August 1987 Philippine coup attempt
| Date | August 27-29, 1987 |
| Location | Villamor Airbase, Camp Aguinaldo, Malacañang Palace and portions of Manila, Quezon City, Pampanga, Albay, Central Visayas and Cagayan |
| Result | Philippine government victory Coup averted; Flight of Honasan and arrest of coup plotters, financiers and leaders but some were given amnesty later on; |

Belligerents
- Philippines: Reform the Armed Forces Movement

Commanders and leaders
- Corazon Aquino Rafael Ileto Fidel Ramos Renato De Villa Antonio Sotelo Loven Abadia Ramon Montaño Eduardo Ermita Rodolfo Biazon Alfredo Lim Voltaire Gazmin: Gregorio Honasan Edgardo Abenina Federico Pasion Reynaldo Berroya Rodolfo Aguinaldo

Military support
- Armed Forces of the Philippines: RAM Loyalists from the AFP
- Casualties and losses: 53 dead (including civilians); 358 wounded

= August 1987 Philippine coup attempt =

Failed military overthrow of President Corazon Aquino

On August 28, 1987, a coup d'état against the government of Philippine President Corazon Aquino was staged by members of the Armed Forces of the Philippines (AFP) belonging to the Reform the Armed Forces Movement (RAM) led by Colonel Gregorio Honasan, who had been a former top aide of ousted Defense Minister Juan Ponce Enrile, one of the instigators of the People Power Revolution that brought Aquino to power in 1986. The coup was repelled by military forces loyal to Aquino within the day, although Honasan managed to escape.
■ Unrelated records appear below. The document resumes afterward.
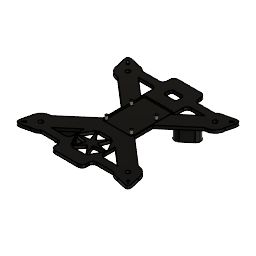
ICARUS 3 POLEGADAS CHASSI (Autodesk Fusion 360 design; units mm, degrees)
Autodesk Fusion 360 part; units mm, degrees
sketch "Esboço1" plane through (0, 0, 0) normal (0, 0, 1) x (1, 0, 0)
  line L0 (14, -75) -> (-14, -75)
  line L1 (-19, -70) -> (-19, 70)
  line L2 (-14, 75) -> (14, 75)
  line L3 (19, 70) -> (19, -70)
  line L4 (19, -75) -> (-19, 75) construction
  line L5 (-19, -75) -> (19, 75) construction
  arc A0 (-14, 75) -> (-19, 70) centre (-14, 70) ccw
  arc A1 (19, 70) -> (14, 75) centre (14, 70) ccw
  arc A2 (14, -75) -> (19, -70) centre (14, -70) ccw
  arc A3 (-19, -70) -> (-14, -75) centre (-14, -70) ccw
  dimension "d1" = 38
  dimension "d2" = 150
  dimension "d3" = 5
  dimension "d4" = 5
  dimension "d5" = 5
  dimension "d6" = 5
  constraint horizontal L0
  constraint perpendicular L0 L1
  constraint parallel L0 L2
  constraint parallel L1 L3
  constraint coincident L4 origin
  constraint coincident L5 origin
  constraint coincident L4.end L2
  constraint coincident L4.end L1
  constraint tangent L2 A0
  constraint tangent L1 A0
  constraint coincident L5.end L2
  constraint coincident L5.end L3
  constraint tangent L2 A1
  constraint tangent L3 A1
  constraint coincident L4.start L0
  constraint coincident L4.start L3
  constraint tangent L0 A2
  constraint tangent L3 A2
  constraint coincident L5.start L0
  constraint coincident L5.start L1
  constraint tangent L0 A3
  constraint tangent L1 A3
  measures "d1" distance of L4.end L5.end
  measures "d2" distance of L5.start L4.end
  measures "d3" radius of A0
  measures "d4" radius of A1
  measures "d5" radius of A2
  measures "d6" radius of A3
extrude "Extrusão1" add sketch "Esboço1" along normal blind 3.5 makes body 1
sketch "Esboço2" plane through (0, 0, 3.5) normal (0, 0, 1) x (-1, 0, 0)
  arc A0 (14, -75) -> (19, -70) centre (14, -70) ccw
  line L0 (19, -70) -> (19, 70)
  arc A1 (19, 70) -> (14, 75) centre (14, 70) ccw
  line L1 (14, 75) -> (-14, 75)
  arc A2 (-14, 75) -> (-19, 70) centre (-14, 70) ccw
  line L2 (-19, 70) -> (-19, -70)
  arc A3 (-19, -70) -> (-14, -75) centre (-14, -70) ccw
  line L3 (-14, -75) -> (14, -75)
  line L4 (19, 0) -> (-19, 0) construction
  line L5 (16, 13.75) -> (-16, 13.75)
  line L6 (-18, 11.75) -> (-18, -35.75)
  line L7 (-16, -37.75) -> (16, -37.75)
  line L8 (18, -35.75) -> (18, 11.75)
  arc A4 (-16, 13.75) -> (-18, 11.75) centre (-16, 11.75) ccw
  arc A5 (18, 11.75) -> (16, 13.75) centre (16, 11.75) ccw
  arc A6 (16, -37.75) -> (18, -35.75) centre (16, -35.75) ccw
  arc A7 (-18, -35.75) -> (-16, -37.75) centre (-16, -35.75) ccw
  line L9 (17.5355, -73.5355) -> (17.4142, -37.1642) construction
  line L10 (-17.5355, -73.5355) -> (-17.5355, -37.1642) construction
  line L11 (17.5355, -73.5355) -> (-17.5355, -73.5355) construction
  line L12 (17.4142, -37.1642) -> (-17.5355, -37.1642) construction
  line L13 (0, -73.5355) -> (0, -37.75) construction
  line L14 (-5, -50.6428) -> (5, -50.6428)
  line L15 (7.5, -53.1428) -> (7.5, -58.1428)
  line L16 (5, -60.6428) -> (-5, -60.6428)
  line L17 (-7.5, -58.1428) -> (-7.5, -53.1428)
  line L18 (-7.5, -50.6428) -> (7.5, -60.6428) construction
  line L19 (7.5, -50.6428) -> (-7.5, -60.6428) construction
  arc A8 (5, -60.6428) -> (7.5, -58.1428) centre (5, -58.1428) ccw
  arc A9 (-7.5, -58.1428) -> (-5, -60.6428) centre (-5, -58.1428) ccw
  arc A10 (7.5, -53.1428) -> (5, -50.6428) centre (5, -53.1428) ccw
  arc A11 (-5, -50.6428) -> (-7.5, -53.1428) centre (-5, -53.1428) ccw
  line L20 (0, 13.75) -> (0, -37.75)
  line L21 (18, 11.75) -> (18, 13.75) construction
  line L22 (18, 13.75) -> (16, 13.75) construction
  line L23 (18, 13.75) -> (-18.0566, 13.75) construction
  line L24 (-18.0566, 13.75) -> (-18, 11.75) construction
  line L25 (18, 13.75) -> (-18, 13.75)
  line L26 (-18, 13.75) -> (-18, -22.25)
  line L27 (-18, -22.25) -> (18, -22.25)
  line L28 (18, -22.25) -> (18, 13.75)
  line L29 (0, -22.25) -> (0, 13.75)
  line L30 (0, -4.25) -> (18, -4.25) construction
  line L31 (-15.25, 11) -> (15.25, 11) construction
  line L32 (15.25, 11) -> (15.25, -19.5) construction
  line L33 (15.25, -19.5) -> (-15.25, -19.5) construction
  line L34 (-15.25, -19.5) -> (-15.25, 11) construction
  line L35 (-15.25, 11) -> (15.25, -19.5) construction
  line L36 (15.25, 11) -> (-15.25, -19.5) construction
  circle A12 centre (15.25, -19.5) radius 1.375
  circle A13 centre (15.25, 11) radius 1.375
  circle A14 centre (-15.25, 11) radius 1.375
  circle A15 centre (-15.25, -19.5) radius 1.375
  line L37 (0, 75) -> (0, 13.75) construction
  line L38 (0, 44.375) -> (19, 44.375) construction
  line L39 (0, 44.375) -> (-19, 44.375) construction
  line L40 (9.5, 27.9205) -> (9.5, 44.375) construction
  line L41 (9.5, 44.375) -> (9.5, 60.8295) construction
  line L42 (-9.5, 27.9205) -> (-9.5, 44.375) construction
  line L43 (-9.5, 44.375) -> (-9.5, 60.8295) construction
  line L44 (0, 44.375) -> (0, 34.875)
  line L45 (8.1768, 29.5507) -> (0.7764, 38.6684)
  line L46 (-0.7764, 38.6684) -> (-8.1768, 29.5507)
  arc A16 (0.7764, 38.6684) -> (-0.7764, 38.6684) centre (0, 38.0382) ccw
  line L47 (7.4004, 27.9205) -> (-7.4004, 27.9205)
  arc A17 (7.4004, 27.9205) -> (8.1768, 29.5507) centre (7.4004, 28.9205) ccw
  arc A18 (-8.1768, 29.5507) -> (-7.4004, 27.9205) centre (-7.4004, 28.9205) ccw
  line L48 (16.9266, 44.0442) -> (5.3303, 42.1941)
  arc A19 (17.9502, 42.5567) -> (16.9266, 44.0442) centre (17.0842, 43.0567) ccw
  line L49 (17.9502, 42.5567) -> (10.5498, 29.7388)
  arc A20 (8.7498, 29.8815) -> (10.5498, 29.7388) centre (9.6838, 30.2388) ccw
  line L50 (4.5538, 40.8493) -> (8.7498, 29.8815)
  arc A21 (5.3303, 42.1941) -> (4.5538, 40.8493) centre (5.4878, 41.2066) ccw
  line L51 (8.7498, 58.8685) -> (4.5538, 47.9007)
  arc A22 (10.5498, 59.0112) -> (8.7498, 58.8685) centre (9.6838, 58.5112) ccw
  line L52 (10.5498, 59.0112) -> (17.9502, 46.1933)
  arc A23 (16.9266, 44.7058) -> (17.9502, 46.1933) centre (17.0842, 45.6933) ccw
  line L53 (5.3303, 46.5559) -> (16.9266, 44.7058)
  arc A24 (4.5538, 47.9007) -> (5.3303, 46.5559) centre (5.4878, 47.5434) ccw
  line L54 (-8.1768, 59.1993) -> (-0.7764, 50.0816)
  arc A25 (-7.4004, 60.8295) -> (-8.1768, 59.1993) centre (-7.4004, 59.8295) ccw
  line L55 (-7.4004, 60.8295) -> (7.4004, 60.8295)
  arc A26 (8.1768, 59.1993) -> (7.4004, 60.8295) centre (7.4004, 59.8295) ccw
  line L56 (0.7764, 50.0816) -> (8.1768, 59.1993)
  arc A27 (-0.7764, 50.0816) -> (0.7764, 50.0816) centre (0, 50.7118) ccw
  line L57 (-16.9266, 44.7058) -> (-5.3303, 46.5559)
  arc A28 (-17.9502, 46.1933) -> (-16.9266, 44.7058) centre (-17.0842, 45.6933) ccw
  line L58 (-17.9502, 46.1933) -> (-10.5498, 59.0112)
  arc A29 (-8.7498, 58.8685) -> (-10.5498, 59.0112) centre (-9.6838, 58.5112) ccw
  line L59 (-4.5538, 47.9007) -> (-8.7498, 58.8685)
  arc A30 (-5.3303, 46.5559) -> (-4.5538, 47.9007) centre (-5.4878, 47.5434) ccw
  line L60 (-8.7498, 29.8815) -> (-4.5538, 40.8493)
  arc A31 (-10.5498, 29.7388) -> (-8.7498, 29.8815) centre (-9.6838, 30.2388) ccw
  line L61 (-10.5498, 29.7388) -> (-17.9502, 42.5567)
  arc A32 (-16.9266, 44.0442) -> (-17.9502, 42.5567) centre (-17.0842, 43.0567) ccw
  line L62 (-5.3303, 42.1941) -> (-16.9266, 44.0442)
  arc A33 (-4.5538, 40.8493) -> (-5.3303, 42.1941) centre (-5.4878, 41.2066) ccw
  point P0 (0, -55.6428)
  point P1 (0, -4.25)
  dimension "d74" = 2
  dimension "d75" = 2
  dimension "d76" = 2
  dimension "d79" = 15
  dimension "d80" = 10
  dimension "d81" = 2.5
  dimension "d82" = 2.5
  dimension "d83" = 2.5
  dimension "d84" = 2.5
  dimension "d87" = 36
  dimension "d88" = 36
  dimension "d89" = 30.5
  dimension "d90" = 30.5
  dimension "d91" = 2.75
  dimension "d93" = 360
  dimension "d102" = 1
  dimension "d103" = 1
  dimension "d104" = 1
  constraint midpoint L0 L4.start
  constraint midpoint L2 L4.end
  constraint horizontal L5
  constraint perpendicular L5 L6
  constraint parallel L5 L7
  constraint parallel L6 L8
  constraint tangent L5 A4
  constraint tangent L6 A4
  constraint tangent L8 A5
  constraint tangent L5 A5
  constraint tangent L7 A6
  constraint tangent L8 A6
  constraint equal A5 A6
  constraint tangent L7 A7
  constraint tangent L6 A7
  constraint midpoint A0 L9.start
  constraint midpoint A6 L9.end
  constraint midpoint A3 L10.start
  constraint parallel L2 L10
  constraint perpendicular L10 L12
  constraint midpoint L11 L13.start
  constraint midpoint L7 L13.end
  constraint perpendicular L7 L13
  constraint horizontal L14
  constraint perpendicular L14 L15
  constraint parallel L14 L16
  constraint parallel L15 L17
  constraint coincident L18 P0
  constraint coincident L19 P0
  constraint midpoint L13 P0
  constraint coincident L18.end L15
  constraint coincident L18.end L16
  constraint tangent L15 A8
  constraint tangent L16 A8
  constraint coincident L19.end L16
  constraint coincident L19.end L17
  constraint tangent L16 A9
  constraint tangent L17 A9
  constraint coincident L19.start L14
  constraint coincident L19.start L15
  constraint tangent L14 A10
  constraint tangent L15 A10
  constraint coincident L18.start L14
  constraint coincident L18.start L17
  constraint tangent L14 A11
  constraint tangent L17 A11
  constraint midpoint L5 L20.start
  constraint tangent A5 L21
  constraint tangent A5 L22
  constraint perpendicular L2 L23
  constraint horizontal L25
  constraint vertical L26
  constraint horizontal L27
  constraint vertical L28
  constraint midpoint L27 L29.start
  constraint perpendicular L23 L29
  constraint midpoint L29 P1
  constraint midpoint L28 L30.end
  constraint horizontal L31
  constraint perpendicular L31 L32
  constraint parallel L31 L33
  constraint parallel L32 L34
  constraint coincident L35 P1
  constraint coincident L36 P1
  constraint coincident P1 L30.start
  constraint coincident L32.end L33.start
  constraint midpoint L1 L37.start
  constraint midpoint L37 L38.start
  constraint coincident L0 L38.end
  constraint perpendicular L0 L38
  constraint coincident L2 L39.end
  constraint perpendicular L2 L39
  constraint midpoint L38 L40.end
  constraint perpendicular L38 L40
  constraint perpendicular L38 L41
  constraint symmetric L37 L40.start L42.start
  constraint symmetric L37 L40.end L42.end
  constraint symmetric L37 L41.end L43.end
  constraint tangent L45 A16
  constraint tangent L46 A16
  constraint coincident L40.start L45
  constraint coincident L40.start L47
  constraint tangent L45 A17
  constraint tangent L47 A17
  constraint coincident L42.start L47
  constraint coincident L42.start L46
  constraint tangent L47 A18
  constraint tangent L46 A18
  measures "d74" radius of A4
  measures "d75" radius of A5
  measures "d76" radius of A7
  measures "d79" distance of L18.end L19.end
  measures "d80" distance of L19.start L18.end
  measures "d81" radius of A8
  measures "d82" radius of A9
  measures "d83" radius of A10
  measures "d84" radius of A11
  measures "d87" distance of L21.end L25.end
  measures "d88" distance of L21.end L27.end
  measures "d89" distance of L32.end L33.end
  measures "d90" distance of L31.end L32.end
  measures "d91" diameter of A12
  measures "d102" radius of A16
  measures "d103" radius of A17
  measures "d104" radius of A18
extrude "Extrusão2" cut sketch "Esboço2" against normal blind 2 contours L5 L8 A5 L20 L25 L27 L28 L29 | L5 L6 A4 L20 L25 L26 L27 L29 | L7 L8 A6 L20 L27 | L6 L7 A7 L20 L27 | A12 | A13 | A14 | A15 bodies 1
sketch "Esboço3" plane through (0, 0, 3.5) normal (0, 0, 1) x (-1, 0, 0)
  line L0 (-16, 13.75) -> (16, 13.75)
  line L1 (18, 11.75) -> (18, -35.75)
  line L2 (16, -37.75) -> (-16, -37.75)
  line L3 (-18, -35.75) -> (-18, 11.75)
  arc A0 (14, -75) -> (19, -70) centre (14, -70) ccw
  line L4 (19, -70) -> (19, 70)
  arc A1 (19, 70) -> (14, 75) centre (14, 70) ccw
  line L5 (14, 75) -> (-14, 75)
  arc A2 (-14, 75) -> (-19, 70) centre (-14, 70) ccw
  line L6 (-19, 70) -> (-19, -70)
  arc A3 (-19, -70) -> (-14, -75) centre (-14, -70) ccw
  line L7 (-14, -75) -> (14, -75)
  line L8 (19, 0) -> (19, -11.25) construction
  line L9 (19, 0) -> (19.7942, 11.2219) construction
  line L10 (19, -11.25) -> (-19, -11.25) construction
  line L11 (19.7942, 11.2219) -> (-19, 11.2219) construction
  line L12 (-1.8732, 1.767) -> (0, 0) construction
  line L13 (-53.1, 53.1) -> (53.1, 53.1) construction
  line L14 (53.1, 53.1) -> (53.1, -53.1) construction
  line L15 (53.1, -53.1) -> (-53.1, -53.1) construction
  line L16 (-53.1, -53.1) -> (-53.1, 53.1) construction
  line L17 (-53.1, 53.1) -> (53.1, -53.1) construction
  line L18 (53.1, 53.1) -> (-53.1, -53.1) construction
  circle A4 centre (53.1, -53.1) radius 12.5
  circle A5 centre (-53.1, -53.1) radius 12.5
  circle A6 centre (-53.1, 53.1) radius 12.5
  circle A7 centre (53.1, 53.1) radius 12.5
  line L19 (53.1, -40.6) -> (19, -11.25)
  line L20 (19, -11.25) -> (19, -70) construction
  line L21 (39.6446, -53.1) -> (40.6, -53.1) construction
  line L22 (40.6, -53.1) -> (19, -34.5088)
  line L23 (82.0691, 0) -> (-103.2974, 0) construction
  line L24 (0, -65.516) -> (0, 69.07) construction
  line L25 (40.6, 53.1) -> (19, 34.5088)
  line L26 (53.1, 40.6) -> (19, 11.25)
  line L27 (-53.1, -40.6) -> (-19, -11.25)
  line L28 (-39.6446, -53.1) -> (-40.6, -53.1) construction
  line L29 (-40.6, -53.1) -> (-19, -34.5088)
  line L30 (-53.1, 40.6) -> (-19, 11.25)
  line L31 (-40.6, 53.1) -> (-19, 34.5088)
  spline S0 degree 2 poles (65.6, -53.0754) (70.6231, -70.6231) (52.8232, -65.5969) knots 0 0 0 2.969399 2.969399 2.969399 weights 1 2.821651 1
  spline S1 degree 2 poles (62.2524, -59.9872) (66.3064, -66.2499) (60.2708, -62.2226) knots 0 0 0 1.233128 1.233128 1.233128 weights 1 4.892995 1
  line L32 (62.8537, -60.9176) -> (61.0529, -62.7437) construction
  arc A8 (62.2524, -59.9872) -> (60.2708, -62.2226) centre (61.2616, -61.1049) ccw
  circle A9 centre (53.1, -53.1) radius 2.5
  arc A10 (-60.2708, -62.2226) -> (-62.2524, -59.9872) centre (-61.2616, -61.1049) ccw
  spline S2 degree 2 poles (-62.2524, -59.9872) (-66.3064, -66.2499) (-60.2708, -62.2226) knots 0 0 0 1.233128 1.233128 1.233128 weights 1 4.892995 1
  spline S3 degree 2 poles (-65.6, -53.0754) (-70.6231, -70.6231) (-52.8232, -65.5969) knots 0 0 0 2.969399 2.969399 2.969399 weights 1 2.821651 1
  circle A11 centre (-53.1, -53.1) radius 2.5
  spline S4 degree 2 poles (65.6, 53.0754) (70.6231, 70.6231) (52.8232, 65.5969) knots 0 0 0 2.969399 2.969399 2.969399 weights 1 2.821651 1
  spline S5 degree 2 poles (62.2524, 59.9872) (66.3064, 66.2499) (60.2708, 62.2226) knots 0 0 0 1.233128 1.233128 1.233128 weights 1 4.892995 1
  arc A12 (60.2708, 62.2226) -> (62.2524, 59.9872) centre (61.2616, 61.1049) ccw
  circle A13 centre (53.1, 53.1) radius 2.5
  circle A14 centre (-53.1, 53.1) radius 2.5
  spline S6 degree 2 poles (-62.2524, 59.9872) (-66.3064, 66.2499) (-60.2708, 62.2226) knots 0 0 0 1.233128 1.233128 1.233128 weights 1 4.892995 1
  arc A15 (-62.2524, 59.9872) -> (-60.2708, 62.2226) centre (-61.2616, 61.1049) ccw
  spline S7 degree 2 poles (-65.6, 53.0754) (-70.6231, 70.6231) (-52.8232, 65.5969) knots 0 0 0 2.969399 2.969399 2.969399 weights 1 2.821651 1
  arc A16 (-18, -35.75) -> (-16, -37.75) centre (-16, -35.75) ccw
  arc A17 (-16, 13.75) -> (-18, 11.75) centre (-16, 11.75) ccw
  arc A18 (18, 11.75) -> (16, 13.75) centre (16, 11.75) ccw
  arc A19 (16, -37.75) -> (18, -35.75) centre (16, -35.75) ccw
  line L33 (19, -34.5088) -> (19, -11.25) construction
  point P0 (31.554, -34.8832)
  dimension "d13" = 11.25
  dimension "d14" = 11.25
  dimension "d41" = 106.2
  dimension "d42" = 106.2
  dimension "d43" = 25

The coup was the sixth such attempt to overthrow Aquino and marked her final break with RAM, whose mutiny against the regime of President Ferdinand Marcos helped propel her into office. It was also the deadliest instance of infighting within the Philippine military at the time until it was surpassed by a subsequent coup attempt in 1989, which was also launched by Honasan and RAM to overthrow Aquino.

==Background==
The Reform the Armed Forces Movement (RAM) was a group of dissident soldiers and officers of the AFP that was formed in the latter years of the dictatorship of President Ferdinand Marcos. In 1986, some of these officers, led by Colonel Gringo Honasan and Defense Minister Juan Ponce Enrile launched a failed coup d'état against Marcos and were later joined by AFP Vice Chief of Staff Lieutenant-General Fidel Ramos, prompting a large number of civilians to attempt to prevent Marcos from wiping the RAM rebels out. This eventually snowballed into the People Power Revolution which ended the Marcos dictatorship and forced him into exile, replacing him with his electoral rival, Corazon Aquino.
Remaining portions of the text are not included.